High-throughput experimentation (HTE) has gone from a scientific curiosity to a widely used tool in modern chemistry workflows. We caught up with Professor Matthew Gaunt from the University of Cambridge to hear his thoughts on the impact that HTE has had on medicinal chemistry and the role of automation and computational models in discovering new chemical space.
‘High-throughput experimentation enables you to conduct far more reactions than you would be able to do manually,’ explains Professor Gaunt. ‘You can ask significantly more questions and generate much more data from a single HTE experiment. You can interrogate individual reactions in a much more holistic sense across the whole remit of the reaction development process.’
The applications are diverse, ranging from reaction discovery and optimisation to creating compound libraries and conducting direct-to-biology assays. This versatility has made HTE an essential part of the Gaunt lab’s research at the University of Cambridge, UK, with these efficient parallel methods taking their place alongside traditional one-at-time approaches.
‘It has enabled us to make huge leaps forward in terms of discovery and optimisation,’ Gaunt explains. ‘For example, by running a single high-throughput experiment, we can better assess the reaction scope for an experiment. It’s incredibly useful as it informs us on what works well and what doesn’t, and it allows us to feed that information back into our optimisation process.’
Strategic use of automation
‘The way we use automation is an isolated robot to automate a particular task but it’s not automating the workflow, simply automating the dosing of the reagent or sampling for analysis for example,’ Gaunt explains. ‘I think I would probably refer to this as semi-automated.’
The process of setting up a reaction requires a non-trivial amount of work that comes with practical challenges. Weighing out materials can be performed by solid handling robots, but they often aren’t as reliable as liquid handling platforms. However, this requires materials to be in liquid form, which may require changing solvents. The result is that there is still a need for manual effort in the lab.
The Gaunt lab therefore focuses automation efforts where they deliver the most value, by streamlining tasks that are identical across multiple reactions. ‘We find it useful to perform tasks that are the same across a large number of reactions. For example, if we have a reagent which is common to every single well in a plate, then we can dose that in a single go.’
It really does allow us to do chemistry that you wouldn’t have been able to do with a classical approach.
Professor Matthew Gaunt, University of Cambridge, UK
Precise control at the nanoliter scale
One of the enablers of HTE in Gaunt’s lab is SPT Labtech’s mosquito® liquid handler. ‘We use mosquito for dosing different reagents into microtiter reaction,’ notes Gaunt. ‘It’s particularly valuable for 384 and 1536-well plates where precise handling of small volumes is crucial.’

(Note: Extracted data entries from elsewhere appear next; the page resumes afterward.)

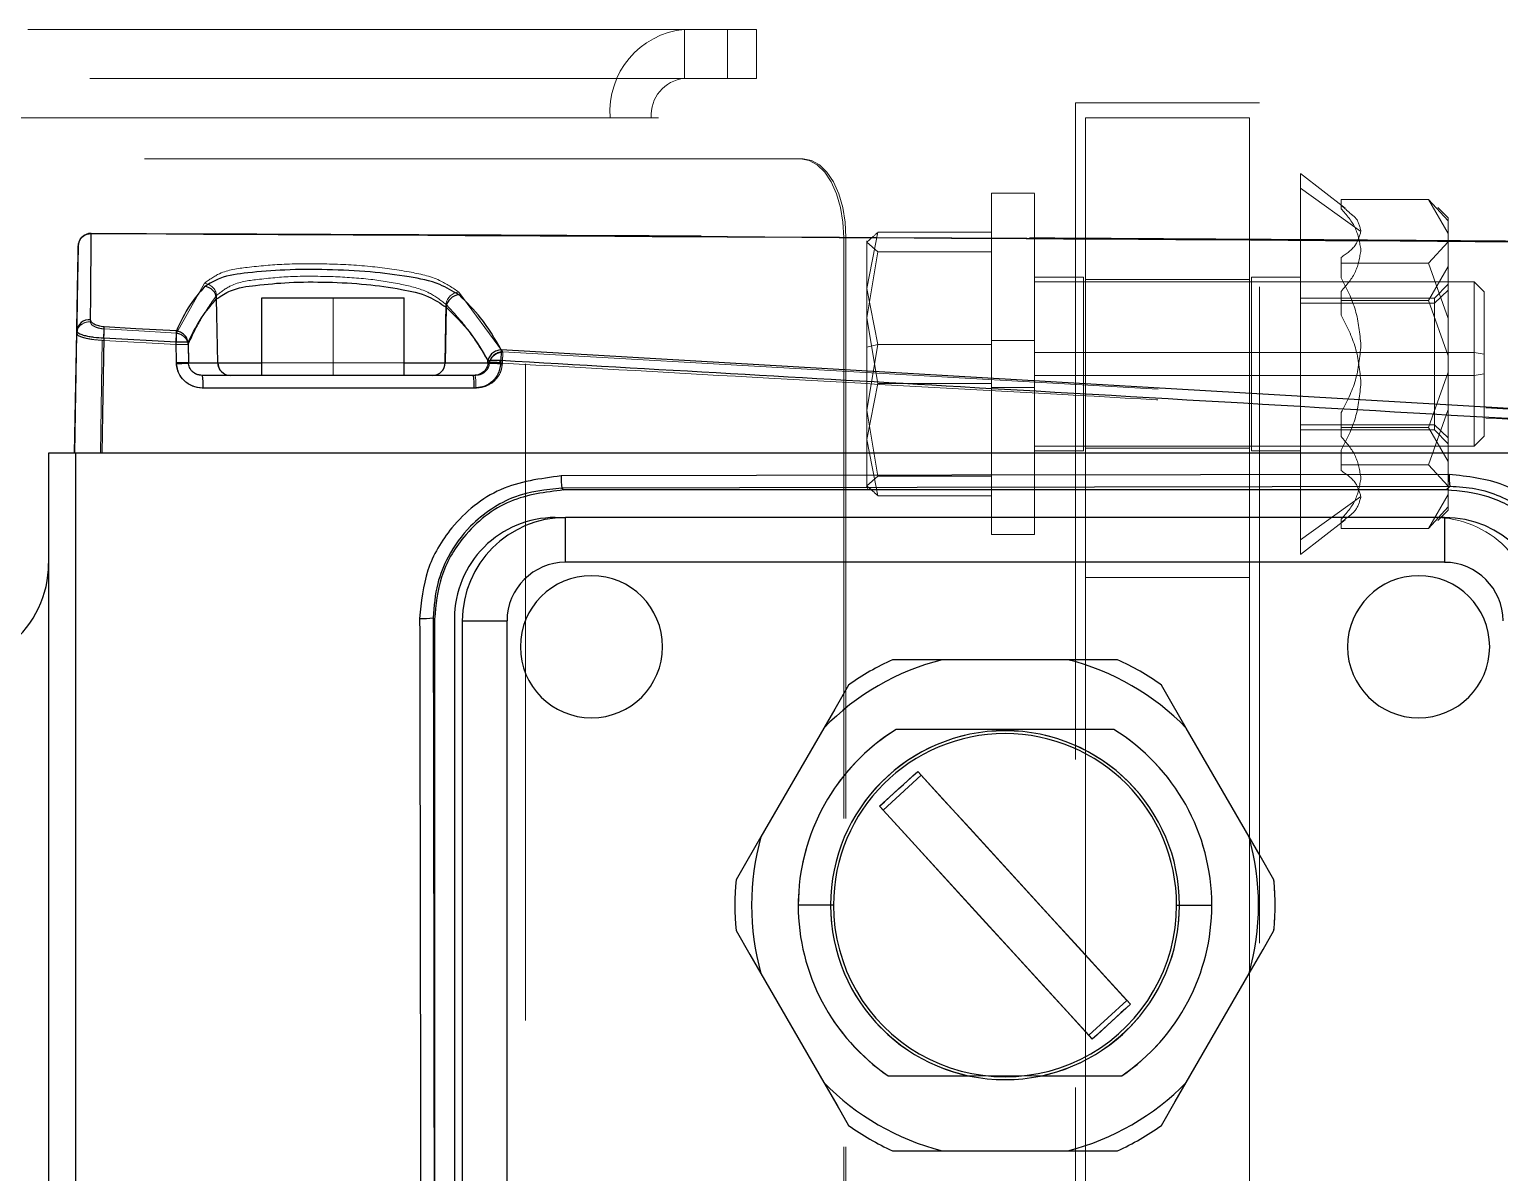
# Model space of a CAD drawing. Header units: millimetres. Extents: x 126 to 938, y 244 to 707.
# Drawn here: x 726.936 to 729.78, y 562.245 to 564.457 of the extents above; entities that cross this region are included whole.
import ezdxf

# ---------------------------------------------------------------- set-up
doc = ezdxf.new("R2010")
doc.units = ezdxf.units.MM
doc.linetypes.add('HIDDEN', pattern=[1.905, 1.27, -0.635])

msp = doc.modelspace()

# ---------------------------------------------------------------- linework, layer by layer
at = {"color": 7, "linetype": 'HIDDEN', "lineweight": 18}
for p, q in [((728.203, 564.4567), (725.1482, 564.4567)), ((725.4948, 564.4567), (728.3423, 564.4567)), ((727.8954, 560.6344), (727.8954, 564.4444)), ((727.8954, 560.6344), (727.8954, 564.4444)), ((728.203, 564.3618), (728.203, 564.4567)), ((728.2861, 564.4567), (728.203, 564.4567)), ((728.2861, 564.3618), (728.2861, 564.4567)), ((728.2861, 564.4567), (728.3423, 564.4567)), ((728.3423, 564.4567), (728.3423, 564.3618)), ((725.1482, 564.3618), (728.203, 564.3618)), ((725.4948, 564.3618), (728.3423, 564.3618)), ((728.2861, 564.3618), (728.203, 564.3618)), ((728.3423, 564.3618), (728.2861, 564.3618)), ((729.3152, 564.3144), (728.9596, 564.3144)), ((728.9596, 564.3144), (728.9596, 560.7838)), ((729.3152, 564.3144), (728.9596, 564.3144)), ((728.9596, 564.3144), (728.9596, 560.7838)), ((729.3152, 560.7838), (729.3152, 564.3144)), ((729.3152, 560.7838), (729.3152, 564.3144)), ((728.0595, 564.2856), (725.0046, 564.2856)), ((728.1391, 564.2856), (725.0842, 564.2856)), ((728.0733, 564.2856), (728.0595, 564.2856)), ((728.1391, 564.2856), (728.0595, 564.2856)), ((728.0733, 564.2856), (728.1529, 564.2856)), ((728.1529, 564.2856), (728.1391, 564.2856)), ((729.2962, 564.2856), (728.9787, 564.2856)), ((728.9787, 564.2856), (728.9787, 560.7931)), ((729.2962, 564.2856), (728.9787, 564.2856)), ((728.9787, 564.2856), (728.9787, 560.7931)), ((728.9787, 564.2856), (729.2962, 564.2856)), ((728.9787, 563.9681), (728.9787, 564.2856)), ((729.2962, 564.2856), (728.9787, 564.2856)), ((728.9787, 560.7931), (728.9787, 564.2856)), ((729.2962, 560.7931), (729.2962, 564.2856)), ((729.2962, 560.7931), (729.2962, 564.2856)), ((729.2962, 564.2856), (729.2962, 563.9681)), ((729.2962, 560.7931), (729.2962, 564.2856)), ((728.4284, 564.2062), (724.9661, 564.2062)), ((728.4327, 564.2062), (724.9704, 564.2062)), ((728.4284, 564.2062), (728.4327, 564.2062)), ((729.4811, 564.1108), (729.3948, 564.1777)), ((729.3948, 563.4691), (729.3948, 564.1771)), ((728.7974, 563.7638), (728.7974, 564.1396)), ((728.88, 564.1396), (728.7974, 564.1396)), ((728.88, 563.7638), (728.88, 564.1395)), ((729.5117, 564.066), (729.3948, 564.1496)), ((729.3948, 564.1496), (729.3948, 563.4416)), ((729.4736, 564.1274), (729.4736, 564.1098)), ((729.4736, 564.1274), (729.6425, 564.1274)), ((729.4736, 564.1163), (729.4736, 564.1274)), ((729.4736, 564.1163), (729.4736, 564.1098)), ((729.6425, 564.1274), (729.6806, 564.0616)), ((729.6806, 564.086), (729.6425, 564.1274)), ((729.6806, 564.092), (729.6604, 564.1122)), ((729.6806, 564.0616), (729.6806, 564.092)), ((729.6806, 564.0459), (729.6806, 564.086)), ((728.5113, 561.0249), (728.5113, 564.0538)), ((728.5156, 564.0538), (728.5113, 564.0538)), ((728.5156, 561.0249), (728.5156, 564.0538)), ((728.5774, 564.0642), (728.5561, 563.9557)), ((728.5561, 563.9557), (728.5561, 564.0475)), ((728.5561, 564.0452), (728.5774, 564.0262)), ((728.5561, 564.0452), (728.5561, 563.8988)), ((728.7974, 564.0642), (728.5774, 564.0642)), ((728.7974, 563.8473), (728.7974, 564.0642)), ((728.7974, 564.0262), (728.7974, 564.0642)), ((729.6425, 564.0045), (729.6806, 564.0459)), ((729.6806, 564.0616), (729.6806, 563.998)), ((729.6806, 564.0459), (729.6806, 563.8974)), ((728.5774, 564.0262), (728.5561, 563.8988)), ((728.7974, 564.0262), (728.5774, 564.0262)), ((728.7974, 563.7714), (728.7974, 564.0262)), ((729.4736, 563.9758), (729.4736, 564.0156)), ((729.4736, 564.0045), (729.4736, 564.0156)), ((729.4736, 564.0045), (729.6425, 564.0045)), ((729.4736, 563.9758), (729.4736, 564.0045)), ((729.6806, 563.8974), (729.6425, 564.0045)), ((729.6806, 563.998), (729.6425, 563.9322)), ((729.6806, 563.825), (729.6806, 563.998)), ((727.2204, 563.8691), (727.2746, 563.9656)), ((728.9749, 563.9776), (728.88, 563.9776)), ((728.88, 563.6411), (728.88, 563.9776)), ((728.88, 563.9776), (728.88, 563.6411)), ((729.7309, 563.9681), (728.88, 563.9681)), ((728.88, 563.7874), (728.88, 563.968)), ((728.9749, 563.6411), (728.9749, 563.9776)), ((728.9749, 563.9776), (728.9749, 563.6411)), ((729.2962, 563.9726), (728.9787, 563.9726)), ((728.9787, 563.6462), (728.9787, 563.9726)), ((728.9787, 563.9726), (728.9787, 563.6462)), ((729.2962, 563.9681), (728.9787, 563.9681)), ((728.9787, 561.1106), (728.9787, 563.9681)), ((729.2962, 563.6462), (729.2962, 563.9726)), ((729.2962, 563.9726), (729.2962, 563.6462)), ((729.2962, 561.1106), (729.2962, 563.9681)), ((729.3, 563.9776), (729.3948, 563.9776)), ((729.3, 563.9776), (729.3, 563.6411)), ((729.3, 563.6411), (729.3, 563.9776)), ((729.3948, 563.9776), (729.3948, 563.6411)), ((729.3948, 563.6411), (729.3948, 563.9776)), ((729.6806, 563.9637), (729.6539, 563.937)), ((729.6806, 563.6668), (729.6806, 563.9635)), ((729.7309, 563.7874), (729.7309, 563.9681)), ((729.7499, 563.9491), (729.7309, 563.9681)), ((727.2978, 563.9419), (727.3001, 563.8118)), ((727.6608, 563.9373), (727.3858, 563.9373)), ((727.3858, 563.9373), (727.5233, 563.9373)), ((727.3858, 563.9373), (727.3858, 563.7873)), ((727.5233, 563.7873), (727.5233, 563.9373)), ((727.5233, 563.7873), (727.5233, 563.9373)), ((727.6608, 563.9373), (727.5233, 563.9373)), ((727.6608, 563.7873), (727.6608, 563.9373)), ((727.7668, 563.9483), (727.851, 563.8334)), ((728.5561, 563.9557), (728.5774, 563.8473)), ((728.5561, 563.8422), (728.5561, 563.9557)), ((729.3948, 563.6915), (729.3948, 563.937)), ((729.6539, 563.937), (729.3948, 563.937)), ((729.4736, 563.9499), (729.4736, 563.9035)), ((729.4736, 563.9499), (729.4736, 563.9322)), ((729.4736, 563.9322), (729.4736, 563.9035)), ((729.4736, 563.9322), (729.6425, 563.9322)), ((729.6425, 563.9322), (729.6806, 563.825)), ((729.6539, 563.9273), (729.6806, 563.9519)), ((729.6539, 563.6915), (729.6539, 563.937)), ((729.6806, 563.9519), (729.6806, 563.6552)), ((729.7499, 563.7901), (729.7499, 563.9491)), ((727.7399, 563.8118), (727.7418, 563.9249)), ((729.3948, 563.9273), (729.6539, 563.9273)), ((729.3948, 563.9273), (729.3948, 563.6817)), ((729.6539, 563.9273), (729.6539, 563.6817)), ((727.0293, 563.8769), (727.0282, 563.8661)), ((728.5561, 563.8988), (728.5774, 563.7714)), ((728.5561, 563.8988), (728.5561, 563.663)), ((729.6806, 563.7937), (729.6806, 563.8974)), ((727.0273, 563.8682), (727.0309, 563.864)), ((727.077, 563.8551), (727.0732, 563.6373)), ((727.076, 563.6373), (727.0798, 563.855)), ((727.0798, 563.855), (727.077, 563.8551)), ((727.0798, 563.855), (727.22, 563.8469)), ((727.22, 563.8469), (727.2205, 563.8118)), ((727.2436, 563.8118), (727.243, 563.8469)), ((728.5774, 563.8473), (728.5561, 563.7199)), ((728.5561, 563.8422), (728.5774, 563.8473)), ((728.7974, 563.8473), (728.5774, 563.8473)), ((728.88, 563.8549), (728.7974, 563.8549)), ((728.7974, 563.8549), (728.7974, 563.4792)), ((728.7974, 563.5925), (728.7974, 563.8473)), ((728.88, 563.8549), (728.88, 563.4792)), ((727.8515, 563.8326), (729.9359, 563.7141)), ((728.5561, 563.7199), (728.5561, 563.8422)), ((729.7309, 563.8313), (728.88, 563.8313)), ((728.88, 563.8313), (728.88, 563.6507)), ((729.6806, 563.825), (729.6806, 563.7214)), ((729.7309, 563.8313), (729.7309, 563.6506)), ((729.7499, 563.8286), (729.7309, 563.8313)), ((729.7499, 563.8286), (729.7499, 563.6697)), ((727.2205, 563.8118), (727.2206, 563.8093)), ((727.3001, 563.8118), (727.2436, 563.8118)), ((727.7399, 563.8118), (727.3001, 563.8118)), ((727.3858, 563.8118), (727.6608, 563.8118)), ((727.8254, 563.8118), (727.7399, 563.8118)), ((729.6425, 563.6865), (729.6806, 563.7937)), ((729.6806, 563.7937), (729.6806, 563.6207)), ((729.7499, 563.7901), (729.7309, 563.7874)), ((727.2706, 563.7873), (727.3248, 563.7873)), ((727.3245, 563.7873), (727.2706, 563.7873)), ((727.2706, 563.7873), (727.7982, 563.7873)), ((727.272, 563.7627), (727.7996, 563.7627)), ((727.7162, 563.7873), (727.3245, 563.7873)), ((727.3248, 563.7873), (727.5233, 563.7873)), ((727.3858, 563.7873), (727.6608, 563.7873)), ((727.6608, 563.7873), (727.3858, 563.7873)), ((727.3858, 563.7873), (727.5233, 563.7873)), ((727.5233, 563.7873), (727.7166, 563.7873)), ((727.6608, 563.7873), (727.5233, 563.7873)), ((727.7982, 563.7873), (727.7162, 563.7873)), ((727.7166, 563.7873), (727.7952, 563.7873)), ((728.5774, 563.7714), (728.5561, 563.663)), ((728.7974, 563.7714), (728.5774, 563.7714)), ((728.7974, 563.5545), (728.7974, 563.7714)), ((728.88, 563.7638), (728.7974, 563.7638)), ((729.7309, 563.7874), (728.88, 563.7874)), ((728.5561, 563.7199), (728.5774, 563.5925)), ((728.5561, 563.5735), (728.5561, 563.7199)), ((729.4736, 563.6688), (729.4736, 563.7152)), ((729.4736, 563.6865), (729.4736, 563.7152)), ((729.6806, 563.7214), (729.6425, 563.6142)), ((729.6806, 563.5728), (729.6806, 563.7214)), ((729.3948, 563.6915), (729.6539, 563.6915)), ((729.3948, 563.6817), (729.6539, 563.6817)), ((729.4736, 563.6865), (729.6425, 563.6865)), ((729.4736, 563.6688), (729.4736, 563.6865)), ((729.6806, 563.6207), (729.6425, 563.6865)), ((729.6539, 563.6915), (729.6806, 563.6668)), ((729.6539, 563.6817), (729.6806, 563.655)), ((728.5561, 563.663), (728.5774, 563.5545)), ((728.5561, 563.663), (728.5561, 563.5712)), ((728.88, 563.6506), (729.7309, 563.6506)), ((729.7309, 563.6506), (729.7499, 563.6697)), ((726.9733, 563.6373), (727.026, 563.6373)), ((726.9733, 563.6373), (726.9733, 559.6123)), ((727.0235, 563.6373), (727.0232, 563.6373)), ((727.0732, 563.6373), (727.0232, 563.6373)), ((727.0235, 563.6373), (727.076, 563.6373)), ((729.9561, 563.6373), (727.026, 563.6373)), ((727.076, 563.6373), (727.0732, 563.6373)), ((729.9053, 563.6373), (727.076, 563.6373)), ((727.076, 563.6373), (729.9355, 563.6373)), ((728.9749, 563.6411), (728.88, 563.6411)), ((729.2962, 563.6462), (728.9787, 563.6462)), ((729.3, 563.6411), (729.3948, 563.6411)), ((729.4736, 563.6429), (729.4736, 563.6031)), ((729.4736, 563.6429), (729.4736, 563.6142)), ((729.6806, 563.5571), (729.6806, 563.6207)), ((728.5774, 563.5925), (728.5561, 563.5735)), ((728.7974, 563.5925), (728.5774, 563.5925)), ((728.7974, 563.5545), (728.7974, 563.5925)), ((729.4736, 563.6142), (729.6425, 563.6142)), ((729.4736, 563.6142), (729.4736, 563.6031)), ((729.6425, 563.6142), (729.6806, 563.5728)), ((728.5556, 563.5721), (728.5576, 563.5687)), ((729.6806, 563.5728), (729.6806, 563.5327)), ((728.7974, 563.5545), (728.5774, 563.5545)), ((729.5117, 563.5527), (729.3948, 563.4691)), ((729.6425, 563.4913), (729.6806, 563.5571)), ((729.6806, 563.5571), (729.6806, 563.5267)), ((727.9533, 563.5123), (729.6533, 563.5123)), ((729.3948, 563.4411), (729.4811, 563.5079)), ((729.4736, 563.5024), (729.4736, 563.5089)), ((729.4736, 563.4913), (729.4736, 563.5089)), ((729.6806, 563.5327), (729.6425, 563.4913)), ((729.6533, 563.5123), (729.6733, 563.5123)), ((729.6604, 563.5065), (729.6806, 563.5267)), ((728.7974, 563.4792), (728.88, 563.4792)), ((729.4736, 563.5024), (729.4736, 563.4913)), ((729.4736, 563.4913), (729.6425, 563.4913)), ((729.2962, 563.3966), (728.9787, 563.3966)), ((728.9787, 561.6821), (728.9787, 563.3966)), ((729.2962, 563.3966), (728.9787, 563.3966)), ((728.9787, 563.3966), (728.9787, 561.6821)), ((729.2962, 561.6821), (729.2962, 563.3966)), ((729.2962, 563.3966), (729.2962, 561.6821)), ((727.7583, 560.5501), (727.7583, 563.3173)), ((727.7733, 563.3123), (727.7733, 560.5451)), ((729.0409, 563.2373), (728.6056, 563.2373)), ((728.5207, 563.1883), (728.3031, 562.8112)), ((729.3435, 562.8112), (729.1258, 563.1883)), ((729.034, 563.1023), (728.6125, 563.1023)), ((728.6545, 563.0212), (728.5806, 562.9537)), ((729.0591, 562.5782), (728.6612, 563.0138)), ((728.5874, 562.9463), (728.9853, 562.5107)), ((728.3031, 562.7133), (728.5207, 562.3362)), ((729.1258, 562.3362), (729.3435, 562.7133)), ((728.9921, 562.5033), (729.0659, 562.5708)), ((728.5972, 562.4323), (729.0493, 562.4323)), ((728.6056, 562.2873), (729.0409, 562.2873))]:
    msp.add_line(p, q, dxfattribs=at)
at = {"color": 7, "linetype": 'Continuous', "lineweight": 25}
for p, q in [((727.0555, 564.062), (727.0553, 564.062)), ((727.0303, 564.0374), (727.0303, 564.0374)), ((727.0304, 564.0374), (727.0303, 564.0374)), ((727.0304, 564.0374), (727.0304, 564.0374)), ((727.3003, 563.8118), (727.2982, 563.9353)), ((727.3858, 563.7873), (727.3858, 563.9373)), ((727.3858, 563.9373), (727.6608, 563.9373)), ((727.6608, 563.7873), (727.6608, 563.9373)), ((727.7421, 563.9193), (727.7404, 563.8118)), ((727.0273, 563.8682), (727.0232, 563.6373)), ((727.0235, 563.6373), (727.0276, 563.8725)), ((727.0798, 563.8591), (727.076, 563.6373)), ((727.2198, 563.8513), (727.0798, 563.8591)), ((727.2203, 563.8118), (727.2198, 563.8513)), ((727.243, 563.8513), (727.2436, 563.8118)), ((729.9059, 563.7167), (727.8485, 563.837)), ((727.2436, 563.8118), (727.3003, 563.8118)), ((727.3003, 563.8118), (727.3858, 563.8118)), ((727.6608, 563.8118), (727.7404, 563.8118)), ((727.7404, 563.8118), (727.8228, 563.8118)), ((727.8228, 563.8118), (727.8228, 563.8158)), ((727.8466, 563.8118), (727.8466, 563.8158)), ((727.8478, 563.8118), (727.8477, 563.8093)), ((727.8479, 563.8158), (727.8478, 563.8118)), ((727.7952, 563.7873), (727.2706, 563.7873)), ((727.7964, 563.7627), (727.2719, 563.7627)), ((726.9733, 561.2372), (726.9733, 563.6373)), ((726.9733, 563.6373), (727.0257, 563.6373)), ((727.0257, 563.6373), (729.9151, 563.6373)), ((729.6835, 563.5724), (727.9659, 563.5694)), ((727.9659, 563.5694), (727.9696, 563.5657)), ((729.6769, 563.5657), (727.9696, 563.5657)), ((729.6769, 563.5657), (729.6835, 563.5724)), ((727.9533, 563.5123), (727.9733, 563.5123)), ((727.9733, 563.4257), (727.9733, 563.5123)), ((729.6733, 563.5123), (727.9733, 563.5123)), ((729.6733, 563.5123), (729.6733, 563.4257)), ((729.6733, 563.4257), (727.9733, 563.4257)), ((727.7198, 563.3159), (727.7171, 563.3185)), ((727.7198, 563.3159), (727.7198, 561.4686)), ((727.7583, 563.3173), (727.7583, 560.5501)), ((727.7733, 563.3123), (727.7733, 560.5451)), ((727.7733, 563.3123), (727.8599, 563.3123)), ((727.8599, 560.5451), (727.8599, 563.3123)), ((728.7016, 563.2373), (728.6056, 563.2373)), ((728.9449, 563.2373), (728.7016, 563.2373)), ((729.0409, 563.2373), (728.9449, 563.2373)), ((728.4727, 563.1051), (728.3511, 562.8944)), ((729.034, 563.1023), (728.6125, 563.1023)), ((729.2954, 562.8944), (729.1738, 563.1051)), ((728.6612, 563.0138), (728.5874, 562.9463)), ((728.4858, 562.7623), (728.4233, 562.7623)), ((728.4913, 562.7623), (728.4858, 562.7623)), ((729.1552, 562.7623), (729.1608, 562.7623)), ((729.1608, 562.7623), (729.2233, 562.7623)), ((728.3511, 562.6301), (728.4727, 562.4194)), ((729.1738, 562.4194), (729.2954, 562.6301)), ((728.9853, 562.5107), (729.0591, 562.5782)), ((728.5972, 562.4323), (728.7525, 562.4323)), ((728.894, 562.4323), (729.0493, 562.4323)), ((728.6056, 562.2873), (728.7016, 562.2873)), ((728.7016, 562.2873), (728.9449, 562.2873)), ((728.9449, 562.2873), (729.0409, 562.2873))]:
    msp.add_line(p, q, dxfattribs=at)
at = {"color": 7, "linetype": 'HIDDEN', "lineweight": 18, "flags": 128}
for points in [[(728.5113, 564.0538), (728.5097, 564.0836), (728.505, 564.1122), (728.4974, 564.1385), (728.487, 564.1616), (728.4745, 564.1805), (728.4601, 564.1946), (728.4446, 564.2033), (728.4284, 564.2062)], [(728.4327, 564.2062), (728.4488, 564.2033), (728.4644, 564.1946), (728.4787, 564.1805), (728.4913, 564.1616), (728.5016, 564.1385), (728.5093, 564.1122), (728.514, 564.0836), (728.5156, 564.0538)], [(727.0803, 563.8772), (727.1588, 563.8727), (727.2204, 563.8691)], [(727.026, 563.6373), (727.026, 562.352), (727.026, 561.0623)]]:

Mosquito’s ability to handle nanoliter volumes with accuracy is thanks to its use of true positive displacement technology. Rather than relying on an air cushion, each of mosquito’s micropipettes is loaded with an individual piston, that eliminates any errors from changes in air pressure.
The platform’s versatility extends beyond reaction setup. ‘We also use mosquito for analysis, which is essentially the most important part of this whole workflow.’ Gaunt continues. ‘We use mosquito to dilute samples from our reaction plates into an analysis plate.’
There are of course practical aspects of implementation. ‘You need to spend some time programming your source plates depending on the operation of your instrument. With mosquito, you dispense in rows of 16, which means that you need to plan beforehand how you’re going to set up your reactions. But that’s easy to do using various programs and some common sense.’
Applications in complex chemistry
The Gaunt lab’s research focuses on developing new reactions and catalytic activation modes. Rather than simply performing other people’s chemistry in high throughput, the group aim to invent and develop new things.
Their work spans several challenging areas, including photoredox catalysis, C-H activation and biomacromolecule chemistry (oligonucleotides, RNA, DNA, peptides).
‘Catalysis forms a key part of most of the work that we do,’ Gaunt notes. ‘The way that we use HTE is often geared towards developing new catalytic reactions where it gives us an opportunity to assess in parallel all of the reaction variables. It means that we investigate things like catalysts, ligands, bases, additives or different substrates all at once.’
The ability to work with minimal amounts of material has been transformative in other areas of research, most notably in in developing new chemistry on nucleic acids. ‘You often only have micrograms of material, and traditionally, you can’t do very much with that in terms of exploring new chemistry,’ Gaunt explains. ‘Now we can work in a way which is much more akin to how molecular biologists might work, doing thousands of experiments with tiny amounts of material. It really does allow us to do chemistry that you wouldn’t have been able to do with a classical approach.’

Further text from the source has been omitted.